Available data —
+++

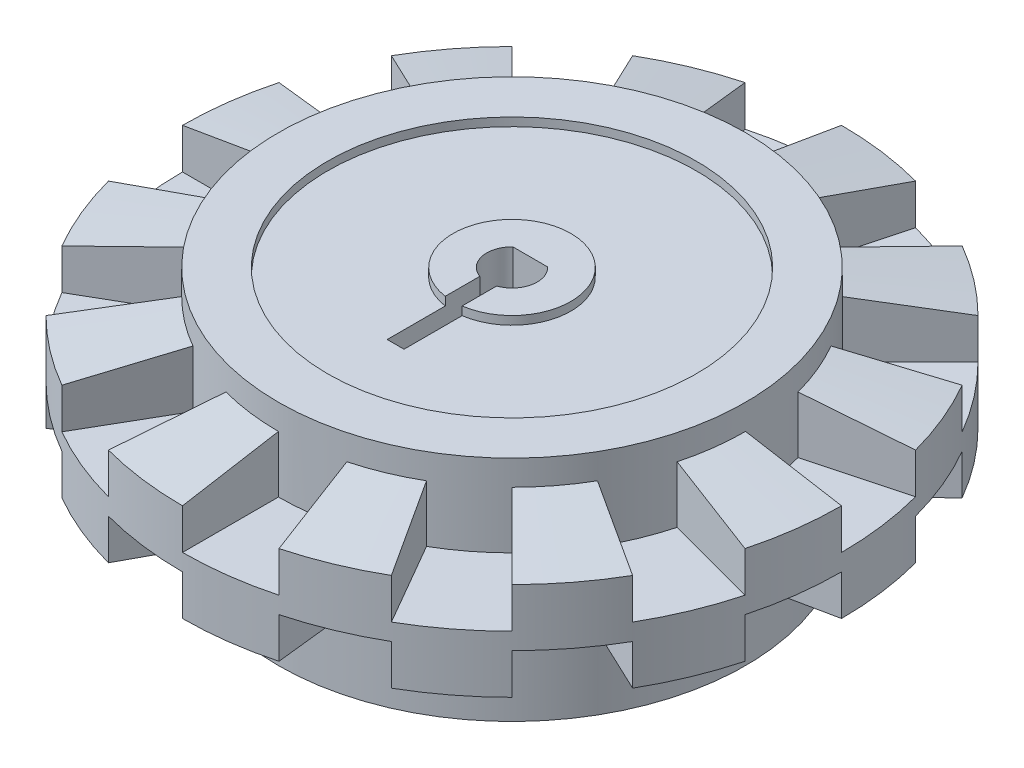
SolidWorks part; units mm, degrees
material "ABS"
ref_plane "Front Plane" through (0, 0, 0) normal (0, 0, 1) x (1, 0, 0)
ref_plane "Top Plane" through (0, 0, 0) normal (0, 1, 0) x (1, 0, 0)
ref_plane "Right Plane" through (0, 0, 0) normal (1, 0, 0) x (0, 0, -1)
ref_axis "Axis1" through (0, 6.0525, 0) along (0, -1, 0)
sketch "Sketch1" plane through (0, 0, 0) normal (1, 0, 0) x (0, 0, -1)
  line L0 (0, 13.258) -> (0, -13.742) construction
  line L14 (0, 5.375) -> (3.5, 5.375)
  line L15 (13.875, 5.375) -> (13.875, 3.875)
  line L19 (12.575, -0.2327) -> (12.575, 3.075)
  line L20 (12.575, 3.075) -> (3.5, 3.075)
  line L21 (0, 3.075) -> (0, 5.375)
  line L22 (17.5, 0) -> (0, 0) construction
  line L23 (13.875, 3.875) -> (19.575, 2.9)
  line L27 (13.875, -3.875) -> (19.575, -2.9)
  line L28 (12.575, -0.2327) -> (12.575, -8.175)
  line L29 (12.575, -8.175) -> (13.875, -8.175)
  line L30 (13.875, -8.175) -> (13.875, -3.875)
  line L31 (3.5, 5.375) -> (3.5, 4.875)
  line L32 (3.5, 4.875) -> (10.95, 4.875)
  line L33 (10.95, 4.875) -> (10.95, 5.375)
  line L34 (10.95, 5.375) -> (13.875, 5.375)
  line L35 (19.575, 2.9) -> (19.575, -2.9)
  line L36 (3.5, 3.075) -> (3.5, -0.5)
  line L37 (3.5, -0.5) -> (0, -0.5)
  line L38 (0, -0.5) -> (0, 3.075)
  dimension "D1" = 27.75
  dimension "D2" = 7
  dimension "D3" = 2.3
  dimension "D4" = 1.3
  dimension "D5" = 27
  dimension "D6" = 1.5
  dimension "D7" = 0.5
  dimension "D8" = 5.8
  dimension "D9" = 7.75
  dimension "D10" = 13.55
  dimension "D11" = 0.5
  dimension "D12" = 7
  dimension "D13" = 21.9
revolve "Revolve1" add sketch "Sketch1" angle 360 about L0
ref_plane "STOP-TOPCUT" through (0, 0.5, 0) normal (0, 1, 0) x (1, 0, 0)
sketch "Sketch4" plane through (0, 0.5, 0) normal (0, 1, 0) x (1, 0, 0)
  line L0 (0, 0) -> (0, -19.575) construction
  line L5 (0, -13.875) -> (0, -19.575)
  line L6 (3.5911, -13.4022) -> (5.0664, -18.908)
  circle A0 centre (0, 0) radius 19.575 construction
  arc A1 (5.0664, -18.908) -> (0, -19.575) centre (0, 0) cw
  arc A2 (0, -13.875) -> (3.5911, -13.4022) centre (0, 0) ccw
  circle A3 centre (0, 0) radius 13.875 construction
  dimension "D1" = 15
extrude "Cut-Topspoke" cut sketch "Sketch4" along normal blind 10
pattern_circular "Topspokes" count 12 over 360 about axis through (0, 6.0525, 0) along (0, -1, 0) of "Cut-Topspoke"
ref_plane "STOP-BOTCUT" through (0, -0.5, 0) normal (0, 1, 0) x (1, 0, 0)
sketch "Sketch5" plane through (0, -0.5, 0) normal (0, 1, 0) x (1, 0, 0)
  line L0 (0, -0.2149) -> (0, 19.575) construction
  line L1 (0, 13.875) -> (0, 19.575)
  line L2 (3.5911, 13.4022) -> (5.0664, 18.908)
  line L3 (5.0664, 18.908) -> (0, 0) construction
  arc A0 (0, 13.875) -> (3.5911, 13.4022) centre (0, 0) cw
  circle A1 centre (0, 0) radius 13.875 construction
  circle A2 centre (0, 0) radius 13.875 construction
  arc A3 (0, 19.575) -> (5.0664, 18.908) centre (0, 0) cw
  dimension "D1" = 15
extrude "Cut-Botspokes" cut sketch "Sketch5" against normal through all
pattern_circular "Botspokes" count 12 over 360 about axis through (0, 6.0525, 0) along (0, -1, 0) of "Cut-Botspokes"
sketch "Sketch6" plane through (0, 0, 0) normal (0, 1, 0) x (1, 0, 0)
  line L0 (0, 0) -> (0, -5.0623) construction
  line L1 (-1.0349, 1.0858) -> (1.0349, 1.0858)
  line L2 (-0.5, -6.9142) -> (0.5, -6.9142)
  line L3 (-0.5, -6.9142) -> (-0.5, -1.4142)
  line L5 (0.5, -6.9142) -> (0.5, -1.4142)
  line L6 (-0.5, -6.9142) -> (0.5, -1.4142) construction
  line L7 (-0.5, -1.4142) -> (0.5, -6.9142) construction
  arc A0 (-1.0349, 1.0858) -> (-0.5, -1.4142) centre (0, 0) ccw
  arc A1 (0.5, -1.4142) -> (1.0349, 1.0858) centre (0, 0) ccw
  point P3 (0, -4.1642)
  dimension "D3" = 1.5
  dimension "D1" = 5.5
  dimension "D2" = 1
  dimension "D4" = 2.5
extrude "shaft-key" cut sketch "Sketch6" along normal through all both and the other way through all
sketch "Sketch9" plane through (0, 3.075, 0) normal (0, -1, 0) x (1, 0, 0)
  line L0 (3.5, 0) -> (12.4734, 0) construction
  line L1 (3.4293, 0.7) -> (12.5555, 0.7)
  line L2 (3.4293, -0.7) -> (12.5555, -0.7)
  arc A0 (-0.5, 3.4641) -> (0.5, 3.4641) centre (0, 0) ccw construction
  arc A1 (-0.5, 3.4641) -> (0.5, 3.4641) centre (0, 0) ccw construction
  circle A2 centre (0, 0) radius 12.575 construction
  circle A3 centre (0, 0) radius 12.575 construction
  arc A4 (3.4293, 0.7) -> (3.4293, -0.7) centre (0, 0) cw
  arc A5 (12.5555, 0.7) -> (12.5555, -0.7) centre (0, 0) cw
  dimension "D1" = 1.4
extrude "Boss-Extrude1" add sketch "Sketch9" along normal offset from surface (3.175 mm away) 0.4 up to face at (0, -0.5, 0.1534)
sketch "Sketch11" plane through (0, 0, -0.7) normal (0, 0, -1) x (-1, 0, 0)
  line L1 (21.5325, 0.5) -> (-21.5325, 0.5) construction
  line L2 (-3.4293, -0.1) -> (-3.4293, 3.075) construction
  line L8 (-3.4293, 0.5) -> (-12.5555, 2.1092)
  line L12 (-12.5555, 3.075) -> (-12.5555, -0.1)
  line L13 (-12.5555, -0.1) -> (-3.4293, -0.1)
  line L14 (-3.4293, -0.1) -> (-3.4293, 3.075)
  line L15 (-3.4293, 3.075) -> (-12.5555, 3.075)
  line L16 (-12.5555, 2.1092) -> (-12.5555, -0.1)
  line L17 (-12.5555, -0.1) -> (-3.4293, -0.1)
  line L18 (-3.4293, -0.1) -> (-3.4293, 0.5)
  dimension "D1" = 0
extrude "inner-spoke" cut sketch "Sketch11" against normal up to next
pattern_circular "inner-spokes" count 6 over 360 about axis through (0, 6.0525, 0) along (0, -1, 0) of "Boss-Extrude1", "inner-spoke"
ref_plane "BearingFace" through (0, -1, 0) normal (0, -1, 0) x (-1, 0, 0)

+++

What you have to do —
Reproduce the data above line for line, excluding every picture.

Solution to this task —
SolidWorks part; units mm, degrees
material "ABS"
ref_plane "Front Plane" through (0, 0, 0) normal (0, 0, 1) x (1, 0, 0)
ref_plane "Top Plane" through (0, 0, 0) normal (0, 1, 0) x (1, 0, 0)
ref_plane "Right Plane" through (0, 0, 0) normal (1, 0, 0) x (0, 0, -1)
ref_axis "Axis1" through (0, 6.0525, 0) along (0, -1, 0)
sketch "Sketch1" plane through (0, 0, 0) normal (1, 0, 0) x (0, 0, -1)
  line L0 (0, 13.258) -> (0, -13.742) construction
  line L14 (0, 5.375) -> (3.5, 5.375)
  line L15 (13.875, 5.375) -> (13.875, 3.875)
  line L19 (12.575, -0.2327) -> (12.575, 3.075)
  line L20 (12.575, 3.075) -> (3.5, 3.075)
  line L21 (0, 3.075) -> (0, 5.375)
  line L22 (17.5, 0) -> (0, 0) construction
  line L23 (13.875, 3.875) -> (19.575, 2.9)
  line L27 (13.875, -3.875) -> (19.575, -2.9)
  line L28 (12.575, -0.2327) -> (12.575, -8.175)
  line L29 (12.575, -8.175) -> (13.875, -8.175)
  line L30 (13.875, -8.175) -> (13.875, -3.875)
  line L31 (3.5, 5.375) -> (3.5, 4.875)
  line L32 (3.5, 4.875) -> (10.95, 4.875)
  line L33 (10.95, 4.875) -> (10.95, 5.375)
  line L34 (10.95, 5.375) -> (13.875, 5.375)
  line L35 (19.575, 2.9) -> (19.575, -2.9)
  line L36 (3.5, 3.075) -> (3.5, -0.5)
  line L37 (3.5, -0.5) -> (0, -0.5)
  line L38 (0, -0.5) -> (0, 3.075)
  dimension "D1" = 27.75
  dimension "D2" = 7
  dimension "D3" = 2.3
  dimension "D4" = 1.3
  dimension "D5" = 27
  dimension "D6" = 1.5
  dimension "D7" = 0.5
  dimension "D8" = 5.8
  dimension "D9" = 7.75
  dimension "D10" = 13.55
  dimension "D11" = 0.5
  dimension "D12" = 7
  dimension "D13" = 21.9
revolve "Revolve1" add sketch "Sketch1" angle 360 about L0
ref_plane "STOP-TOPCUT" through (0, 0.5, 0) normal (0, 1, 0) x (1, 0, 0)
sketch "Sketch4" plane through (0, 0.5, 0) normal (0, 1, 0) x (1, 0, 0)
  line L0 (0, 0) -> (0, -19.575) construction
  line L5 (0, -13.875) -> (0, -19.575)
  line L6 (3.5911, -13.4022) -> (5.0664, -18.908)
  circle A0 centre (0, 0) radius 19.575 construction
  arc A1 (5.0664, -18.908) -> (0, -19.575) centre (0, 0) cw
  arc A2 (0, -13.875) -> (3.5911, -13.4022) centre (0, 0) ccw
  circle A3 centre (0, 0) radius 13.875 construction
  dimension "D1" = 15
extrude "Cut-Topspoke" cut sketch "Sketch4" along normal blind 10
pattern_circular "Topspokes" count 12 over 360 about axis through (0, 6.0525, 0) along (0, -1, 0) of "Cut-Topspoke"
ref_plane "STOP-BOTCUT" through (0, -0.5, 0) normal (0, 1, 0) x (1, 0, 0)
sketch "Sketch5" plane through (0, -0.5, 0) normal (0, 1, 0) x (1, 0, 0)
  line L0 (0, -0.2149) -> (0, 19.575) construction
  line L1 (0, 13.875) -> (0, 19.575)
  line L2 (3.5911, 13.4022) -> (5.0664, 18.908)
  line L3 (5.0664, 18.908) -> (0, 0) construction
  arc A0 (0, 13.875) -> (3.5911, 13.4022) centre (0, 0) cw
  circle A1 centre (0, 0) radius 13.875 construction
  circle A2 centre (0, 0) radius 13.875 construction
  arc A3 (0, 19.575) -> (5.0664, 18.908) centre (0, 0) cw
  dimension "D1" = 15
extrude "Cut-Botspokes" cut sketch "Sketch5" against normal through all
pattern_circular "Botspokes" count 12 over 360 about axis through (0, 6.0525, 0) along (0, -1, 0) of "Cut-Botspokes"
sketch "Sketch6" plane through (0, 0, 0) normal (0, 1, 0) x (1, 0, 0)
  line L0 (0, 0) -> (0, -5.0623) construction
  line L1 (-1.0349, 1.0858) -> (1.0349, 1.0858)
  line L2 (-0.5, -6.9142) -> (0.5, -6.9142)
  line L3 (-0.5, -6.9142) -> (-0.5, -1.4142)
  line L5 (0.5, -6.9142) -> (0.5, -1.4142)
  line L6 (-0.5, -6.9142) -> (0.5, -1.4142) construction
  line L7 (-0.5, -1.4142) -> (0.5, -6.9142) construction
  arc A0 (-1.0349, 1.0858) -> (-0.5, -1.4142) centre (0, 0) ccw
  arc A1 (0.5, -1.4142) -> (1.0349, 1.0858) centre (0, 0) ccw
  point P3 (0, -4.1642)
  dimension "D3" = 1.5
  dimension "D1" = 5.5
  dimension "D2" = 1
  dimension "D4" = 2.5
extrude "shaft-key" cut sketch "Sketch6" along normal through all both and the other way through all
sketch "Sketch9" plane through (0, 3.075, 0) normal (0, -1, 0) x (1, 0, 0)
  line L0 (3.5, 0) -> (12.4734, 0) construction
  line L1 (3.4293, 0.7) -> (12.5555, 0.7)
  line L2 (3.4293, -0.7) -> (12.5555, -0.7)
  arc A0 (-0.5, 3.4641) -> (0.5, 3.4641) centre (0, 0) ccw construction
  arc A1 (-0.5, 3.4641) -> (0.5, 3.4641) centre (0, 0) ccw construction
  circle A2 centre (0, 0) radius 12.575 construction
  circle A3 centre (0, 0) radius 12.575 construction
  arc A4 (3.4293, 0.7) -> (3.4293, -0.7) centre (0, 0) cw
  arc A5 (12.5555, 0.7) -> (12.5555, -0.7) centre (0, 0) cw
  dimension "D1" = 1.4
extrude "Boss-Extrude1" add sketch "Sketch9" along normal offset from surface (3.175 mm away) 0.4 up to face at (0, -0.5, 0.1534)
sketch "Sketch11" plane through (0, 0, -0.7) normal (0, 0, -1) x (-1, 0, 0)
  line L1 (21.5325, 0.5) -> (-21.5325, 0.5) construction
  line L2 (-3.4293, -0.1) -> (-3.4293, 3.075) construction
  line L8 (-3.4293, 0.5) -> (-12.5555, 2.1092)
  line L12 (-12.5555, 3.075) -> (-12.5555, -0.1)
  line L13 (-12.5555, -0.1) -> (-3.4293, -0.1)
  line L14 (-3.4293, -0.1) -> (-3.4293, 3.075)
  line L15 (-3.4293, 3.075) -> (-12.5555, 3.075)
  line L16 (-12.5555, 2.1092) -> (-12.5555, -0.1)
  line L17 (-12.5555, -0.1) -> (-3.4293, -0.1)
  line L18 (-3.4293, -0.1) -> (-3.4293, 0.5)
  dimension "D1" = 0
extrude "inner-spoke" cut sketch "Sketch11" against normal up to next
pattern_circular "inner-spokes" count 6 over 360 about axis through (0, 6.0525, 0) along (0, -1, 0) of "Boss-Extrude1", "inner-spoke"
ref_plane "BearingFace" through (0, -1, 0) normal (0, -1, 0) x (-1, 0, 0)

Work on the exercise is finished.